Bei der Victoria's Secret Fashion Show ist es eine besondere Ehre, den berühmten "Fantasy Bra" zu tragen, einen mit Edelsteinen verzierten BH im Millionenwert. In diesem Jahr wird das südafrikanische Model Candice Swanepoel das Vergnügen haben - das geht aus einem Foto hervor, das der US-Modekonzern auf Instagram veröffentlichte.

4200 Edelsteine seien in dem teuren Stück verarbeitet worden, heißt es. Zehn Millionen Dollar soll der BH wert sein.

"Ich habe noch niemals etwas so Teures getragen", sagte Swanepoel dem "People"-Magazin. Dem Bericht zufolge wurden Rubine, Diamanten und Saphire verarbeitet. Nur mit Handschuhen dürfe sie den BH anlegen, sagte Swanepoel. "Es ist auch eine Art Feuerprobe.

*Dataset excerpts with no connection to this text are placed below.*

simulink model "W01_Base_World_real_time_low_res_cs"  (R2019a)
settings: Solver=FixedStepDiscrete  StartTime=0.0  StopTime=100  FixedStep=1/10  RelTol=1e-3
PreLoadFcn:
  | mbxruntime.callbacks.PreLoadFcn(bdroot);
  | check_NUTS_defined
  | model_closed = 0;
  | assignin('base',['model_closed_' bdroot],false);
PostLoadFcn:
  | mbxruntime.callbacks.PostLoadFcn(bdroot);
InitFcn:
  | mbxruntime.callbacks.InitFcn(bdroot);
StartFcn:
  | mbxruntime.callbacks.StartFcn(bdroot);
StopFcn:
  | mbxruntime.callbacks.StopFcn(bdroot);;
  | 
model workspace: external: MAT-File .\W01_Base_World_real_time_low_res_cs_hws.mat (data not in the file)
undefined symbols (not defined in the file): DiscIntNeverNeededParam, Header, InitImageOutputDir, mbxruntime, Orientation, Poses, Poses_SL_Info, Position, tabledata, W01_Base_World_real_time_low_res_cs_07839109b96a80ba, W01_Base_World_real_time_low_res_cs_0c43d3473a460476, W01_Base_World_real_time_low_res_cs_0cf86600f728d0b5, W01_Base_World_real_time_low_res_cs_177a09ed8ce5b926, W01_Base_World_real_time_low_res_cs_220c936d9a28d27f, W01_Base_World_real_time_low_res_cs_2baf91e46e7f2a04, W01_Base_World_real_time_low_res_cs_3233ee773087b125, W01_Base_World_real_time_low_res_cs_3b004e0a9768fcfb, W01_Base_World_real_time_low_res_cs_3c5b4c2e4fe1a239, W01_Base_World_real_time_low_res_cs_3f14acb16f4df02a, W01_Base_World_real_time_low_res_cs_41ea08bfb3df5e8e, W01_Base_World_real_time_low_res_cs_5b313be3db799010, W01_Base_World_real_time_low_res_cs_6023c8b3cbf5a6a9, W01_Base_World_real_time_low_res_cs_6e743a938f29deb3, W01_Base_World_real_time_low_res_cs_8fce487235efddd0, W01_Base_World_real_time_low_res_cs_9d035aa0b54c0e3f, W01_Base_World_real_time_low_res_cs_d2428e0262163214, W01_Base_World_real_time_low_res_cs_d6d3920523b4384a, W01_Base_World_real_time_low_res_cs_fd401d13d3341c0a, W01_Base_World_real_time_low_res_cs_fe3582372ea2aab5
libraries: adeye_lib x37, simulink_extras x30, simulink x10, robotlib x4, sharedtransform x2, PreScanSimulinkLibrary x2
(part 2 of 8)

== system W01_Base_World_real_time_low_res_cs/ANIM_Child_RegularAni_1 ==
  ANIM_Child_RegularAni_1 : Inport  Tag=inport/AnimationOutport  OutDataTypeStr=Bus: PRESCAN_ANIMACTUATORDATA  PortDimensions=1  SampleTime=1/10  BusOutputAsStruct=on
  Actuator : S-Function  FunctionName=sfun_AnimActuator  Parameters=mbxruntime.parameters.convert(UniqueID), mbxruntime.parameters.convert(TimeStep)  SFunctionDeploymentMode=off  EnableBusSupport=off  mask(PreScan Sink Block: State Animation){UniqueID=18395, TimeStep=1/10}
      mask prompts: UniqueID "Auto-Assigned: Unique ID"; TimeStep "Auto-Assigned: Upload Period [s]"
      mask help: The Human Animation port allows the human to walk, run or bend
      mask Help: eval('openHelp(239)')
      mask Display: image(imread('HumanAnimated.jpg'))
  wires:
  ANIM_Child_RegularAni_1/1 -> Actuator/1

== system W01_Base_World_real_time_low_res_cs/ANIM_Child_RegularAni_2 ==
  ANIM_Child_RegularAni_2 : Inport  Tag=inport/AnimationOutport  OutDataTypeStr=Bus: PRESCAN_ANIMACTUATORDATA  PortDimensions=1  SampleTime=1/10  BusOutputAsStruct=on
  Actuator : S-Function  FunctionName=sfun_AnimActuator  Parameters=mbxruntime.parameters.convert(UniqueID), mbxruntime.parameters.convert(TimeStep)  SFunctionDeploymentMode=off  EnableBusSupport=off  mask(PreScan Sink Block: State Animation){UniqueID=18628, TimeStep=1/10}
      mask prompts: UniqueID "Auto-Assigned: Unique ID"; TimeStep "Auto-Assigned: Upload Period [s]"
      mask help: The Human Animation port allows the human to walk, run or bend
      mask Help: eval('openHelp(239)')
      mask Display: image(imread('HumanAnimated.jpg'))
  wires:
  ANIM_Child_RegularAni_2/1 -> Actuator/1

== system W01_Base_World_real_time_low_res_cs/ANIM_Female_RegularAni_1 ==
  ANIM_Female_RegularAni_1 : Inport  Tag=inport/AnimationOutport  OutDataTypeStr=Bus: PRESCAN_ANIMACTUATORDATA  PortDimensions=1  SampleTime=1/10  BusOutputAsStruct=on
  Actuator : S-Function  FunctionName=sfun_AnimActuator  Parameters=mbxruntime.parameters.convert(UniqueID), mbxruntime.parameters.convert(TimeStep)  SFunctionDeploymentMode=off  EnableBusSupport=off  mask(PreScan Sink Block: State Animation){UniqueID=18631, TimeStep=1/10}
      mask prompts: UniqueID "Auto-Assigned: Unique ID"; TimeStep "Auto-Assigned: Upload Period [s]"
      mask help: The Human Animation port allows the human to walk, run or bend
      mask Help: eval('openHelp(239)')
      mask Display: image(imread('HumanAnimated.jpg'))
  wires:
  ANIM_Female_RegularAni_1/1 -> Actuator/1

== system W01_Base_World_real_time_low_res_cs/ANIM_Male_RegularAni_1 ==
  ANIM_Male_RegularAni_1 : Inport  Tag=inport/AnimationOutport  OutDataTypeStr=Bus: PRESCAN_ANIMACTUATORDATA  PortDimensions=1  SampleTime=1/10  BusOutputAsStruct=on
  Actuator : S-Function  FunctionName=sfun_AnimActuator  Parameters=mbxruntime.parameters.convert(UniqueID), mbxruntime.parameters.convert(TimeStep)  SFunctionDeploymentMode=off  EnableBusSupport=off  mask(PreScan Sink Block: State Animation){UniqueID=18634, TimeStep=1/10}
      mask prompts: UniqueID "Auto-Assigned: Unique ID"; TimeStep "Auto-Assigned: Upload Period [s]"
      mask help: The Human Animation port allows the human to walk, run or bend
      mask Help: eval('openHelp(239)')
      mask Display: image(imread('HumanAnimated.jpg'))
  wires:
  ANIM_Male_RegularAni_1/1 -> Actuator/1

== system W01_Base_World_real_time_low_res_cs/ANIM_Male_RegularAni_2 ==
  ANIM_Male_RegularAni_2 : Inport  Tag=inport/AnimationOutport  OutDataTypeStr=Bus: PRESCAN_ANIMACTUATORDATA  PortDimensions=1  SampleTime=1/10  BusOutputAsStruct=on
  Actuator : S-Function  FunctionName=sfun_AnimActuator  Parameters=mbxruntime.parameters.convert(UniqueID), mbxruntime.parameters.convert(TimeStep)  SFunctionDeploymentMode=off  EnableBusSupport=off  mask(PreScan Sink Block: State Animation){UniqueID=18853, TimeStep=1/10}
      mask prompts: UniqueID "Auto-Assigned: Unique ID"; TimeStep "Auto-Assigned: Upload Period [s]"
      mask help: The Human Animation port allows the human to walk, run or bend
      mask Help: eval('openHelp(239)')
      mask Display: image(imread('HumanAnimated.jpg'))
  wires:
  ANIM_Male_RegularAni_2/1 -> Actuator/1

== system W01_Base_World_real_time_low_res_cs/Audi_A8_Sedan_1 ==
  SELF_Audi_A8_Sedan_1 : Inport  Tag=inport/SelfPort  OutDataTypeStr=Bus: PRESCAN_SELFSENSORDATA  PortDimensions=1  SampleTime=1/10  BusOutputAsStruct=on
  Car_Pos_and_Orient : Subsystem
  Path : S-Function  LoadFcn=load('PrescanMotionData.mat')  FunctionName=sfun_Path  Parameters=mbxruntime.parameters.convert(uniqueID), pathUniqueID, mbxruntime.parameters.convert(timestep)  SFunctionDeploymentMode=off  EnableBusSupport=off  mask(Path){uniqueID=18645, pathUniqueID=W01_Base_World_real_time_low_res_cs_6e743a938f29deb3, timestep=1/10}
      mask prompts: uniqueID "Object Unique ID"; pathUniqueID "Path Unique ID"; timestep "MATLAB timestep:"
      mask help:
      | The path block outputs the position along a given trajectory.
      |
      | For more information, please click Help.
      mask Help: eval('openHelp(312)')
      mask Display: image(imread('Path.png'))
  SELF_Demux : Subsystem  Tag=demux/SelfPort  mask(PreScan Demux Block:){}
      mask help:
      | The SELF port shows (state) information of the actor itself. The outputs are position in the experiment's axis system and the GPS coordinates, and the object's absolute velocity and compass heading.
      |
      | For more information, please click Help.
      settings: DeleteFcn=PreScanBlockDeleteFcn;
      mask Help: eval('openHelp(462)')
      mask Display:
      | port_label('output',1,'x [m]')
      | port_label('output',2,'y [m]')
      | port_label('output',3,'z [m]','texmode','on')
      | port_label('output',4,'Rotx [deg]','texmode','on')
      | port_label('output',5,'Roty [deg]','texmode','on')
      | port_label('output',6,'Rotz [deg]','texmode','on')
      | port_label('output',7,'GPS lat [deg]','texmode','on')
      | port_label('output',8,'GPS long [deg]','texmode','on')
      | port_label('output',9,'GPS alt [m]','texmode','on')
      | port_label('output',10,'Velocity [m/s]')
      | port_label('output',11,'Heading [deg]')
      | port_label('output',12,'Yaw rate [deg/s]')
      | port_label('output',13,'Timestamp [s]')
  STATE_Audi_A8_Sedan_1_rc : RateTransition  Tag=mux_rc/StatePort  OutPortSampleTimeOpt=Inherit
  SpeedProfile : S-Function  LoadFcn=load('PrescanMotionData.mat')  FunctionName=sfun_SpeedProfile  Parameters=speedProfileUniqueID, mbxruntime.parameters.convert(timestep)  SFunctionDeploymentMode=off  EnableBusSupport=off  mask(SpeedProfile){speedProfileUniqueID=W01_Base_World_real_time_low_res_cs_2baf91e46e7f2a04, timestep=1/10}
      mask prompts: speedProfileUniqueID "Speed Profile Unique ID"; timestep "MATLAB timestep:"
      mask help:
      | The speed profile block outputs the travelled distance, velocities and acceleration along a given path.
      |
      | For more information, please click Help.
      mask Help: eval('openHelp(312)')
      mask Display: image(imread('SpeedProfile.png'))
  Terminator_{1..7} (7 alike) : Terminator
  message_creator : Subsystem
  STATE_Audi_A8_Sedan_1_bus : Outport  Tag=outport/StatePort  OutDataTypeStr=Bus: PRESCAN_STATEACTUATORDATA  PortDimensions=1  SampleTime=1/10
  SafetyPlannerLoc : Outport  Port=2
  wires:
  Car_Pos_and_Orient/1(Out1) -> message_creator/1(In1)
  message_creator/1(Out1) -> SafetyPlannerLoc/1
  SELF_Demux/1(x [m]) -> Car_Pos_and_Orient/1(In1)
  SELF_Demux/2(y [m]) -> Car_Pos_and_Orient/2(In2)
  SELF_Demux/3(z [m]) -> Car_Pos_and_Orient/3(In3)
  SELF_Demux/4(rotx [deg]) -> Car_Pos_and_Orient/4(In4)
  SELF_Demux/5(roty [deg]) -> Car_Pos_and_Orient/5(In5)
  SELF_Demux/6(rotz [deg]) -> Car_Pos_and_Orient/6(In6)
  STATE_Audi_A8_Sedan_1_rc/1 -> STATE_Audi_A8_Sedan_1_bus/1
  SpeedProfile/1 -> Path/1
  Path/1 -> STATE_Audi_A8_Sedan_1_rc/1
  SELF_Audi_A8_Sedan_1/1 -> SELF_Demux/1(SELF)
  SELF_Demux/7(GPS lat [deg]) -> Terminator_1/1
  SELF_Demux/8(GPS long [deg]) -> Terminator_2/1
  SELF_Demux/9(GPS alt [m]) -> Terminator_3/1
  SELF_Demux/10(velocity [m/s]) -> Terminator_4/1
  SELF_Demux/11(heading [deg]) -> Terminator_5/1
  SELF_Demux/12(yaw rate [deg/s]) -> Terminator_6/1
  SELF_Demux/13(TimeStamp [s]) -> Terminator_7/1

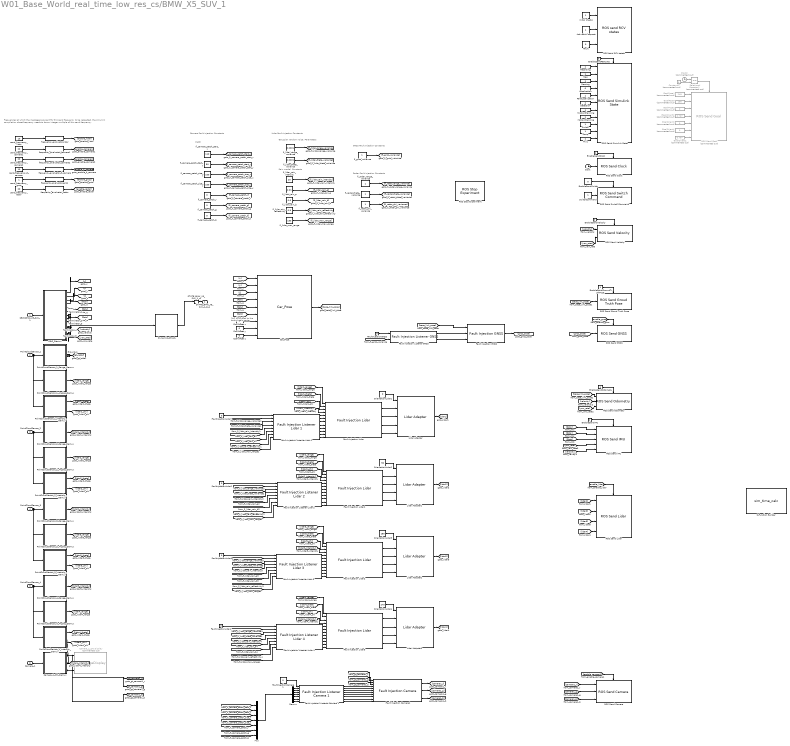
== system W01_Base_World_real_time_low_res_cs/BMW_X5_SUV_1 ==
  note: Frequencies at which the messages are sent
      |
      | For this send frequency to be respected, the simulink compilation sheet frequency
      | needs to be an integer multiple of this send frequency.
  note: Lidar Fault injection Constants
  note: Camera Fault injection Constants
  note: Patch
  note: Rain model, Constants
  note: Radar Fault Injection Constants
  note: Gaussian random noise, Parameters
  note: GNSS Fault Injection Constants
  note: CoG  compared
      | to the backwheels
      | center
  SELF_BMW_X5_SUV_1 : Inport  Tag=inport/SelfPort  OutDataTypeStr=Bus: PRESCAN_SELFSENSORDATA  PortDimensions=1  SampleTime=1/10  BusOutputAsStruct=on
  PointCloudSensor_1 : Inport  Tag=inport/PointCloudInport  Port=2  OutDataTypeStr=single  SampleTime=1/10  BusOutputAsStruct=on
  PointCloudSensor_2 : Inport  Tag=inport/PointCloudInport  Port=3  OutDataTypeStr=single  SampleTime=1/10  BusOutputAsStruct=on
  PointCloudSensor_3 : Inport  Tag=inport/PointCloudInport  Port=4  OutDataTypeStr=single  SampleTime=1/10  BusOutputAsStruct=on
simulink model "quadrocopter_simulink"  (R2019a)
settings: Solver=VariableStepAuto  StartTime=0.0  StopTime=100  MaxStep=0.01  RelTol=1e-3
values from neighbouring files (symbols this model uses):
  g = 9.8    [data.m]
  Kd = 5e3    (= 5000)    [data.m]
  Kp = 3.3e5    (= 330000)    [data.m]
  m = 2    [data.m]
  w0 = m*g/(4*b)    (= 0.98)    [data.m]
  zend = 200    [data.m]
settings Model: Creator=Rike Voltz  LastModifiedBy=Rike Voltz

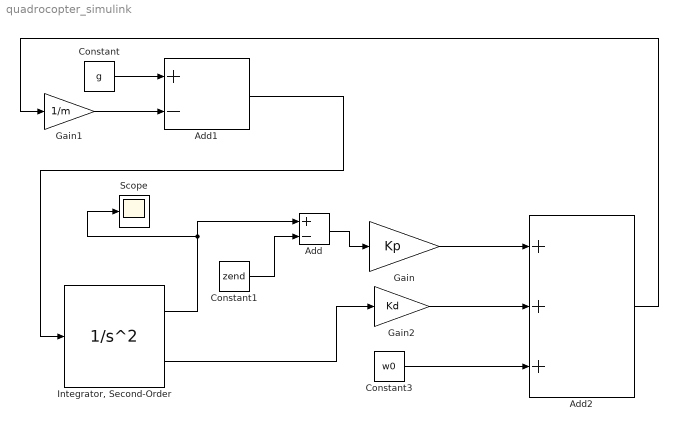
== system quadrocopter_simulink ==
  Add : Sum  Inputs=+-
  Add1 : Sum  Inputs=+-
  Add2 : Sum  Inputs=+++
  Constant : Constant  Value=g
  Constant1 : Constant  Value=zend
  Constant3 : Constant  Value=w0
  Gain : Gain  Gain=Kp
  Gain1 : Gain  Gain=1/m
  Gain2 : Gain  Gain=Kd
  "Integrator, Second-Order" : SecondOrderIntegrator
  Scope : Scope
  wires:
  Constant/1 -> Add1/1
  "Integrator, Second-Order"/1 -> Add/1, Scope/1
  Add1/1 -> "Integrator, Second-Order"/1
  Gain1/1 -> Add1/2
  Gain/1 -> Add2/1
  Constant3/1 -> Add2/3
  Add2/1 -> Gain1/1
  Add/1 -> Gain/1
  Gain2/1 -> Add2/2
  "Integrator, Second-Order"/2 -> Gain2/1
  Constant1/1 -> Add/2
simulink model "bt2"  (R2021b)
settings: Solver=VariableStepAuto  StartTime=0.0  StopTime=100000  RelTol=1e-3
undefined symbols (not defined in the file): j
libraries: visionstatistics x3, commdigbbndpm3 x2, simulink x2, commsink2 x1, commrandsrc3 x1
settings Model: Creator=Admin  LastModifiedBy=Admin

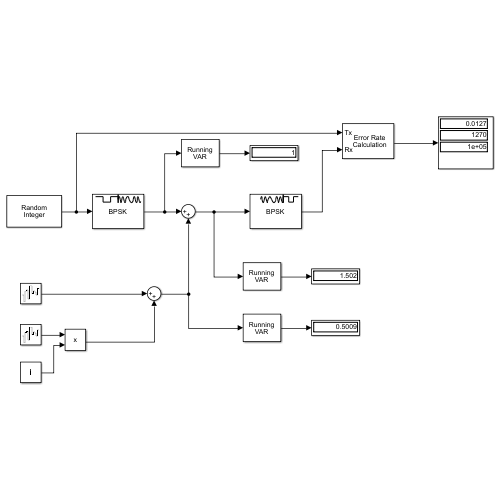
[thumbnail: Simulink's stored preview of the top-level diagram]
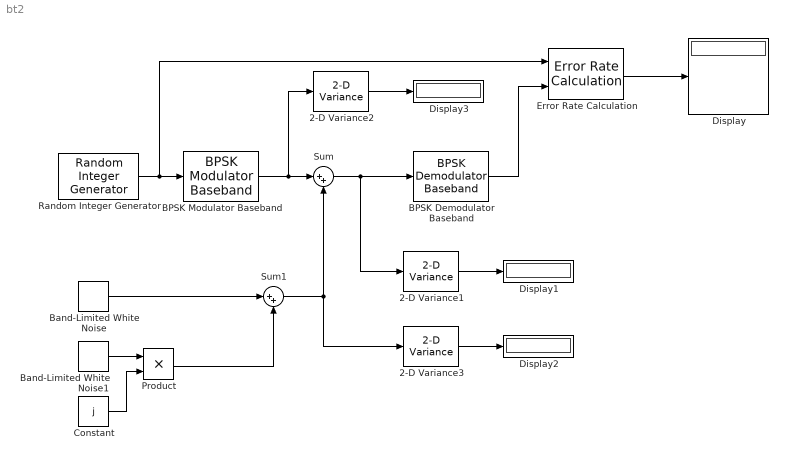
== system bt2 ==
  2-D Variance1 : visionstatistics/2-D Variance  run=on  reset_popup=None  directionMode=Entire input  dimension=1  treatSBRowAsCol=on  roiEnable=off  roiType=Rectangles  roiPortion=Entire ROI  roiOutput=Individual statistics for each ROI  roiFlag=off  roundingMode=Floor  overflowMode=off  prodOutputMode=Binary point scaling  prodOutputWordLength=32  prodOutputFracLength=0  prodOutputSlope=2^0  memorySlope=2^-30  accumSlope=2^-32  outputSlope=2^-32
      settings: SourceProductBaseCode=VP
  2-D Variance2 : visionstatistics/2-D Variance  run=on  reset_popup=None  directionMode=Entire input  dimension=1  treatSBRowAsCol=on  roiEnable=off  roiType=Rectangles  roiPortion=Entire ROI  roiOutput=Individual statistics for each ROI  roiFlag=off  roundingMode=Floor  overflowMode=off  prodOutputMode=Binary point scaling  prodOutputWordLength=32  prodOutputFracLength=0  prodOutputSlope=2^0  memorySlope=2^-30  accumSlope=2^-32  outputSlope=2^-32
      settings: SourceProductBaseCode=VP
  2-D Variance3 : visionstatistics/2-D Variance  run=on  reset_popup=None  directionMode=Entire input  dimension=1  treatSBRowAsCol=on  roiEnable=off  roiType=Rectangles  roiPortion=Entire ROI  roiOutput=Individual statistics for each ROI  roiFlag=off  roundingMode=Floor  overflowMode=off  prodOutputMode=Binary point scaling  prodOutputWordLength=32  prodOutputFracLength=0  prodOutputSlope=2^0  memorySlope=2^-30  accumSlope=2^-32  outputSlope=2^-32
      settings: SourceProductBaseCode=VP
  BPSK Demodulator Baseband : commdigbbndpm3/BPSK Demodulator Baseband  DecType=Hard decision  VarSource=Dialog  Variance=1  Ph=0  outDtype=Inherit via internal rule  derotateFactorWordLen=16  derotateFactorDataTypeStr=Inherit: Same word length as input  derotateFactorLastDataTypeStr=Inherit: Same word length as input
  BPSK Modulator Baseband : commdigbbndpm3/BPSK Modulator Baseband  Ph=0  outDtype=double  outWordLen=16  outUDDataType=sfix(16)  outFracLenMode=Best precision  outFracLen=15  outDataTypeStr=double  outLastDataTypeStr=double
  Band-Limited White Noise : simulink/Sources/Band-Limited White Noise  Cov=[0.19745]  Ts=1  seed=67
  Band-Limited White Noise1 : simulink/Sources/Band-Limited White Noise  Cov=[0.3]  Ts=1  seed=67
  Constant : Constant  Value=j
  Display{,1..3} (4 alike) : Display
  Error Rate Calculation : commsink2/Error Rate Calculation  N=0  st_delay=0  cp_mode=Entire frame  subframe=[]  PMode=Port  WsName=ErrorVec  RsMode2=off  stop=off  numErr=100  maxBits=1e6
  Product : Product
  Random Integer Generator : commrandsrc3/Random Integer Generator  SetSize=2  SeedSource=Parameter  Seed=37  SampleTime=1  SamplesPerFrame=1  OutputDataType=double  SimulateUsing=Interpreted execution
  Sum : Sum  Inputs=|++
  Sum1 : Sum  Inputs=|++
  wires:
  Random Integer Generator/1 -> Error Rate Calculation/1, BPSK Modulator Baseband/1
  BPSK Modulator Baseband/1 -> Sum/1, 2-D Variance2/1
  Error Rate Calculation/1 -> Display/1
  BPSK Demodulator Baseband/1 -> Error Rate Calculation/2
  2-D Variance2/1 -> Display3/1
  Sum/1 -> 2-D Variance1/1, BPSK Demodulator Baseband/1
  Band-Limited White Noise/1 -> Sum1/1
  Constant/1 -> Product/2
  Band-Limited White Noise1/1 -> Product/1
  Product/1 -> Sum1/2
  Sum1/1 -> Sum/2, 2-D Variance3/1
  2-D Variance1/1 -> Display1/1
  2-D Variance3/1 -> Display2/1

Der BH kommt mit zwei Bodyguards und wir müssen ihn sehr vorsichtig behandeln."

Victoria's Secret hat es verstanden, aus seiner jährlichen Show ein globales Spektakel zu machen, mit den charakteristischen Flügel-Outfits, den prominentesten Models und Auftritten von Popstars wie Rihanna und Justin Bieber.

Swanepoel tritt als Trägerin des "Fantasy Bra" das Erbe von unter anderem Heidi Klum und Gisele Bündchen an. 2012 präsentierte die Brasilianerin Alessandra Ambrosio den teuren BH. Die diesjährige Show wird am 10. Dezember im US-Fernsehen ausgestrahlt.
(Quelle: Spiegel Online)

Hier mal die Liste der Trägerinnen des 'Fantasy Bra' seit 1996 inklusive der Preise für die guten Stücke:

Candice Swanepoel (2013)=$10 million Royal Fantasy Bra + Panties
Alessandra Ambrosio (2012)=$2.5 million Floral Fantasy Bra + Gift Set
Miranda Kerr (2011)=$2.5 million Fantasy Treasure Bra
Adriana Lima (2010)=$2 million Bombshell Fantasy Bra
Marisa Miller (2009)=$3 million Harlequin Fantasy Bra
Adriana Lima (2008)=$5 million Black Diamond Fantasy Miracle Bra
Selita Ebanks (2007)=$4.5 million Holiday Fantasy Bra
Karolina Kurkova (2006)=$6.5 million Hearts on Fire Diamond Fantasy Bra
Gisele Bundchen (2005)=$12.5 million Sexy Splendor Fantasy Bra
Tyra Banks (2004)=$10 Heavenly "70" Fantasy Bra
Heidi Klum (2003)=$11 million Very Sexy Fantasy Bra
Karolina Kurkova (2002)=$10 million Star of Victoria Fantasy Bra
Heidi Klum (2001)=$12.5 million Heavenly Star Bra
Gisele Bundchen (2000)=$15 million Red Hot Fantasy Bra + Panties
Heidi Klum (1999)=$10 million Millennium Bra
Daniela Pestova (1998)=$5 million Dream Angel Fantasy Bra
Tyra Banks (1997)=$3 million Diamond Dream Bra
Claudia Schiffer (1996)=$1 million Million Dollar Miracle Bra

Und das aktuelle Set noch visualisiert (via VS Mainsite + Instagram)


----------



## Punisher (21 Okt. 2013)

Candice ist ne tolle Frau


----------



## kerlonmania (26 Jan. 2014)

Thanks for the news


----------



## snick2005 (7 März 2015)

One of the most beautiful model


----------